++++ DATA SHOWN

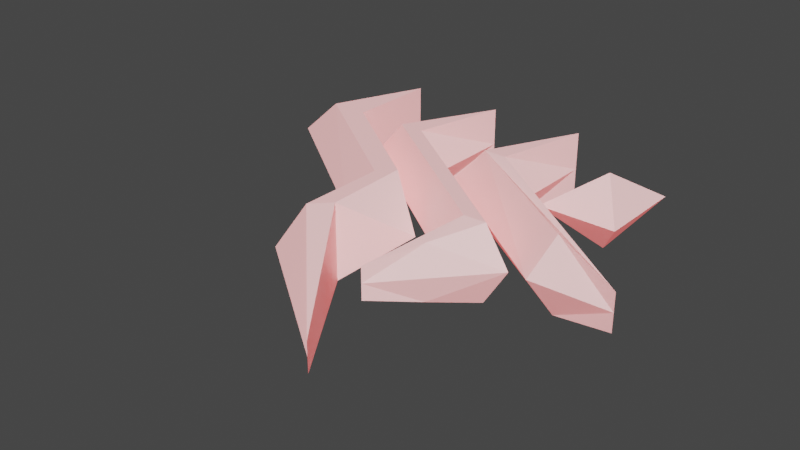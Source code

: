 # Source: untitled.blend  (saved by Blender 2.93.20; exported with 4.5.12 LTS)
import bpy
from mathutils import Matrix  # noqa: F401  (used for matrix-valued properties, if any)

bpy.ops.wm.read_factory_settings(use_empty=True)
scene = bpy.context.scene
scene.name = 'Scene'

# ---- collections
col_collection = bpy.data.collections.new('Collection'); scene.collection.children.link(col_collection)

# ---- materials (node trees are filled in below, after node groups)
mat_material = bpy.data.materials.new('Material')
mat_material.alpha_threshold = 0.0
mat_material.use_transparent_shadow = False
mat_material.line_color = (0.0, 0.0, 0.0, 1.0)

# ---- material node trees
mat_material.use_nodes = True; mat_material.node_tree.nodes.clear()
_N = mat_material.node_tree.nodes; _L = mat_material.node_tree.links
n0 = _N.new('ShaderNodeOutputMaterial'); n0.name = 'Material Output'; n0.location = (300, 300)
n1 = _N.new('ShaderNodeBsdfPrincipled'); n1.name = 'Principled BSDF'; n1.location = (10, 300)
n1.distribution = 'GGX'
n1.subsurface_method = 'BURLEY'
n1.inputs[0].default_value = (0.7991, 0.7991, 0.7991, 1.0)
n1.inputs[2].default_value = 0.4
n1.inputs[3].default_value = 1.45
n1.inputs[27].default_value = (0.5333, 0.04667, 0.04231, 1.0)
n1.inputs[28].default_value = 1.0
_L.new(n1.outputs[0], n0.inputs[0])
n0.is_active_output = True

# ---- world
world_world = bpy.data.worlds.new('World'); scene.world = world_world
world_world.use_nodes = True; world_world.node_tree.nodes.clear()
_N = world_world.node_tree.nodes; _L = world_world.node_tree.links
n0 = _N.new('ShaderNodeOutputWorld'); n0.name = 'World Output'; n0.location = (300, 300)
n1 = _N.new('ShaderNodeBackground'); n1.name = 'Background'; n1.location = (10, 300)
n1.inputs[0].default_value = (0.05088, 0.05088, 0.05088, 1.0)
_L.new(n1.outputs[0], n0.inputs[0])
n0.is_active_output = True
world_world.color = (0.05088, 0.05088, 0.05088)
world_world.use_sun_shadow = False
world_world.sun_shadow_jitter_overblur = 0.0

# ---- meshes
me_cube = bpy.data.meshes.new('Cube')
me_cube.from_pydata([(-1.002, 0.2708, 1.0), (-0.08128, -0.4005, 1.0), (-1.0, 1.0, 1.0), (-1.302, 0.2782, 1.0), (-0.194, -0.5175, 1.0), (-0.1948, -1.209, 1.0), (0.7564, -2.197, 0.367), (-0.06086, -1.071, 1.0), (-1.002, 0.2708, 0.0), (-1.633, 0.2782, 0.0), (0.3003, -0.6676, 0.0), (-1.0, 1.0, 0.0), (-0.3325, -0.6735, 0.0), (-0.3333, -1.38, 0.0), (0.7564, -2.197, 0.0), (-0.06085, -1.071, 0.0)], [], [(0, 2, 3, 4, 5, 6, 7, 1), (10, 1, 7, 15), (9, 3, 2, 11), (8, 0, 1, 10), (11, 2, 0, 8), (12, 4, 3, 9), (13, 5, 4, 12), (14, 6, 5, 13), (15, 7, 6, 14)])
_uv = me_cube.uv_layers.new(name='UVMap')
_uv.uv.foreach_set('vector', [0.625, 0.5, 0.875, 0.5, 0.875, 0.75, 0.7321, 0.75, 0.7047, 0.75, 0.6766, 0.75, 0.6599, 0.75, 0.625, 0.75, 0.5, 0.75, 0.625, 0.75, 0.625, 0.7849, 0.5, 0.7849, 0.5, 0.0, 0.625, 0.0, 0.625, 0.25, 0.5, 0.25, 0.5, 0.5, 0.625, 0.5, 0.625, 0.75, 0.5, 0.75, 0.5, 0.25, 0.625, 0.25, 0.625, 0.5, 0.5, 0.5, 0.5, 0.8571, 0.625, 0.8571, 0.625, 1.0, 0.5, 1.0, 0.5, 0.8297, 0.625, 0.8297, 0.625, 0.8571, 0.5, 0.8571, 0.5, 0.8016, 0.625, 0.8016, 0.625, 0.8297, 0.5, 0.8297, 0.5, 0.7849, 0.625, 0.7849, 0.625, 0.8016, 0.5, 0.8016])
me_cube.materials.append(mat_material)
me_cube.use_remesh_preserve_volume = False
me_cube.use_remesh_preserve_attributes = False
me_cube.use_mirror_vertex_groups = False
me_cube.update()
me_cube_001 = bpy.data.meshes.new('Cube.001')
me_cube_001.from_pydata([(-1.177, 0.2708, 1.0), (0.1113, -0.6676, 1.0), (-1.0, 1.0, 1.0), (-1.378, 0.2782, 1.0), (-0.0652, -0.6735, 1.0), (-0.3333, -1.38, 0.4197), (-0.1092, -1.015, 0.7315), (-1.002, 0.2708, 0.0), (-1.633, 0.2782, 0.0), (0.3003, -0.6676, 0.0), (-1.0, 1.0, 0.0), (-0.3325, -0.6735, 0.0), (-0.3333, -1.38, 0.0), (-0.06085, -1.071, 0.0), (-0.1426, -1.051, 1.158)], [], [(9, 1, 6, 13), (8, 3, 2, 10), (7, 0, 1, 9), (10, 2, 0, 7), (11, 4, 3, 8), (12, 5, 4, 11), (4, 5, 6, 1, 0, 2, 3), (12, 13, 6, 5)])
_uv = me_cube_001.uv_layers.new(name='UVMap')
_uv.uv.foreach_set('vector', [0.5, 0.75, 0.625, 0.75, 0.625, 0.7849, 0.5, 0.7849, 0.5, 0.0, 0.625, 0.0, 0.625, 0.25, 0.5, 0.25, 0.5, 0.5, 0.625, 0.5, 0.625, 0.75, 0.5, 0.75, 0.5, 0.25, 0.625, 0.25, 0.625, 0.5, 0.5, 0.5, 0.5, 0.8571, 0.625, 0.8571, 0.625, 1.0, 0.5, 1.0, 0.5, 0.8297, 0.625, 0.8297, 0.625, 0.8571, 0.5, 0.8571, 0.625, 0.8571, 0.625, 0.8297, 0.625, 0.7849, 0.625, 0.75, 0.625, 0.5, 0.625, 0.25, 0.625, 0.0, 0.5, 0.8297, 0.5, 0.7849, 0.625, 0.7849, 0.625, 0.8297])
me_cube_001.materials.append(mat_material)
me_cube_001.use_remesh_preserve_volume = False
me_cube_001.use_remesh_preserve_attributes = False
me_cube_001.use_mirror_vertex_groups = False
me_cube_001.update()
me_cube_002 = bpy.data.meshes.new('Cube.002')
me_cube_002.from_pydata([(-1.173, 0.2708, 1.0), (0.3003, -0.6676, 0.4854), (-1.0, 1.0, 1.0), (-1.354, 0.2782, 1.0), (-1.633, 0.2782, -1.0), (-0.2204, -0.5043, 1.0), (-1.002, 0.2708, 0.0), (-1.633, 0.2782, 0.0), (0.3003, -0.6676, 0.0), (-1.0, 1.0, 0.0), (-0.3325, -0.6735, 0.0)], [(4, 7)], [(8, 1, 5, 10), (7, 3, 2, 9), (6, 0, 1, 8), (9, 2, 0, 6), (10, 5, 3, 7), (5, 1, 0, 2, 3)])
_uv = me_cube_002.uv_layers.new(name='UVMap')
_uv.uv.foreach_set('vector', [0.5, 0.75, 0.625, 0.75, 0.625, 0.8571, 0.5, 0.8571, 0.5, 0.0, 0.625, 0.0, 0.625, 0.25, 0.5, 0.25, 0.5, 0.5, 0.625, 0.5, 0.625, 0.75, 0.5, 0.75, 0.5, 0.25, 0.625, 0.25, 0.625, 0.5, 0.5, 0.5, 0.5, 0.8571, 0.625, 0.8571, 0.625, 1.0, 0.5, 1.0, 0.625, 0.8571, 0.625, 0.75, 0.625, 0.5, 0.625, 0.25, 0.625, 0.0])
me_cube_002.materials.append(mat_material)
me_cube_002.use_remesh_preserve_volume = False
me_cube_002.use_remesh_preserve_attributes = False
me_cube_002.use_mirror_vertex_groups = False
me_cube_002.update()
me_cube_003 = bpy.data.meshes.new('Cube.003')
me_cube_003.from_pydata([(-1.211, 0.5162, 1.0), (-1.211, 0.5166, 1.0), (-1.212, 0.5162, 1.0), (-1.002, 0.2708, 0.0), (-1.633, 0.2782, 0.0), (-1.0, 1.0, 0.0)], [], [(5, 1, 0, 3), (0, 2, 4, 3), (4, 2, 1, 5), (1, 2, 0)])
_uv = me_cube_003.uv_layers.new(name='UVMap')
_uv.uv.foreach_set('vector', [0.5, 0.25, 0.625, 0.25, 0.625, 0.5, 0.5, 0.5, 0.625, 0.5, 0.625, 0.0, 0.5, 0.0, 0.5, 0.5, 0.5, 0.0, 0.625, 0.0, 0.625, 0.25, 0.5, 0.25, 0.625, 0.25, 0.625, 0.0, 0.625, 0.5])
me_cube_003.materials.append(mat_material)
me_cube_003.use_remesh_preserve_volume = False
me_cube_003.use_remesh_preserve_attributes = False
me_cube_003.use_mirror_vertex_groups = False
me_cube_003.update()

# ---- objects
ob_cube = bpy.data.objects.new('Cube', me_cube)
ob_cube_001 = bpy.data.objects.new('Cube.001', me_cube_001)
ob_cube_002 = bpy.data.objects.new('Cube.002', me_cube_002)
ob_cube_003 = bpy.data.objects.new('Cube.003', me_cube_003)

# ---- transforms, parenting, visibility, modifiers, constraints
ob_cube.location = (-0.08862, 0.4558, 0.0)
ob_cube.scale = (1.0, 1.0, 0.3)
ob_cube.lock_rotations_4d = False
ob_cube.empty_display_type = 'ARROWS'
ob_cube.lineart.crease_threshold = 0.0
_m = ob_cube.modifiers.new('Mirror', 'MIRROR')
_m.use_axis = (False, False, True)
ob_cube_001.location = (0.6824, 0.4558, 0.0)
ob_cube_001.scale = (1.0, 1.0, 0.3)
ob_cube_001.lock_rotations_4d = False
ob_cube_001.empty_display_type = 'ARROWS'
ob_cube_001.lineart.crease_threshold = 0.0
_m = ob_cube_001.modifiers.new('Mirror', 'MIRROR')
_m.use_axis = (False, False, True)
ob_cube_002.location = (1.455, 0.4558, 0.0)
ob_cube_002.scale = (1.0, 1.0, 0.3)
ob_cube_002.lock_rotations_4d = False
ob_cube_002.empty_display_type = 'ARROWS'
ob_cube_002.lineart.crease_threshold = 0.0
_m = ob_cube_002.modifiers.new('Mirror', 'MIRROR')
_m.use_axis = (False, False, True)
ob_cube_003.location = (2.221, 0.4558, 0.0)
ob_cube_003.scale = (1.0, 1.0, 0.3)
ob_cube_003.lock_rotations_4d = False
ob_cube_003.empty_display_type = 'ARROWS'
ob_cube_003.lineart.crease_threshold = 0.0
_m = ob_cube_003.modifiers.new('Mirror', 'MIRROR')
_m.use_axis = (False, False, True)

# ---- collection membership
col_collection.objects.link(ob_cube)
col_collection.objects.link(ob_cube_001)
col_collection.objects.link(ob_cube_002)
col_collection.objects.link(ob_cube_003)

# ---- scene / render settings (as saved in the file)
scene.frame_start = 1; scene.frame_end = 250; scene.frame_set(1)
scene.render.engine = 'BLENDER_EEVEE_NEXT'
scene.cycles.use_denoising = False
scene.cycles.samples = 128
scene.cycles.sampling_pattern = 'TABULATED_SOBOL'
scene.cycles.use_adaptive_sampling = False
scene.cycles.use_light_tree = False
scene.view_settings.view_transform = 'Filmic'
bpy.context.view_layer.update()

# ---- added for rendering (the .blend has no active camera and no usable light): camera, sun
cam_auto = bpy.data.cameras.new('AutoCamera')
cam_auto.lens = 50.0
cam_auto.sensor_width = 36.0
cam_auto.clip_end = 1000.0
ob_auto_camera = bpy.data.objects.new('AutoCamera', cam_auto)
scene.collection.objects.link(ob_auto_camera)
ob_auto_camera.location = (4.43342, -5.44257, 3.53329)
ob_auto_camera.rotation_euler = (1.09748, -7.21219e-08, 0.694738)
scene.camera = ob_auto_camera
light_auto_sun = bpy.data.lights.new('AutoSun', 'SUN')
light_auto_sun.energy = 3.0
light_auto_sun.angle = 0.0523599
ob_auto_sun = bpy.data.objects.new('AutoSun', light_auto_sun)
scene.collection.objects.link(ob_auto_sun)
ob_auto_sun.rotation_euler = (0.872665, 0.174533, 0.523599)
bpy.context.view_layer.update()

++++++++

TASK PROMPT:
The lines to copy are those in the listing that contain "AutoSun".

ANSWER SECTION:
light_auto_sun = bpy.data.lights.new('AutoSun', 'SUN')
ob_auto_sun = bpy.data.objects.new('AutoSun', light_auto_sun)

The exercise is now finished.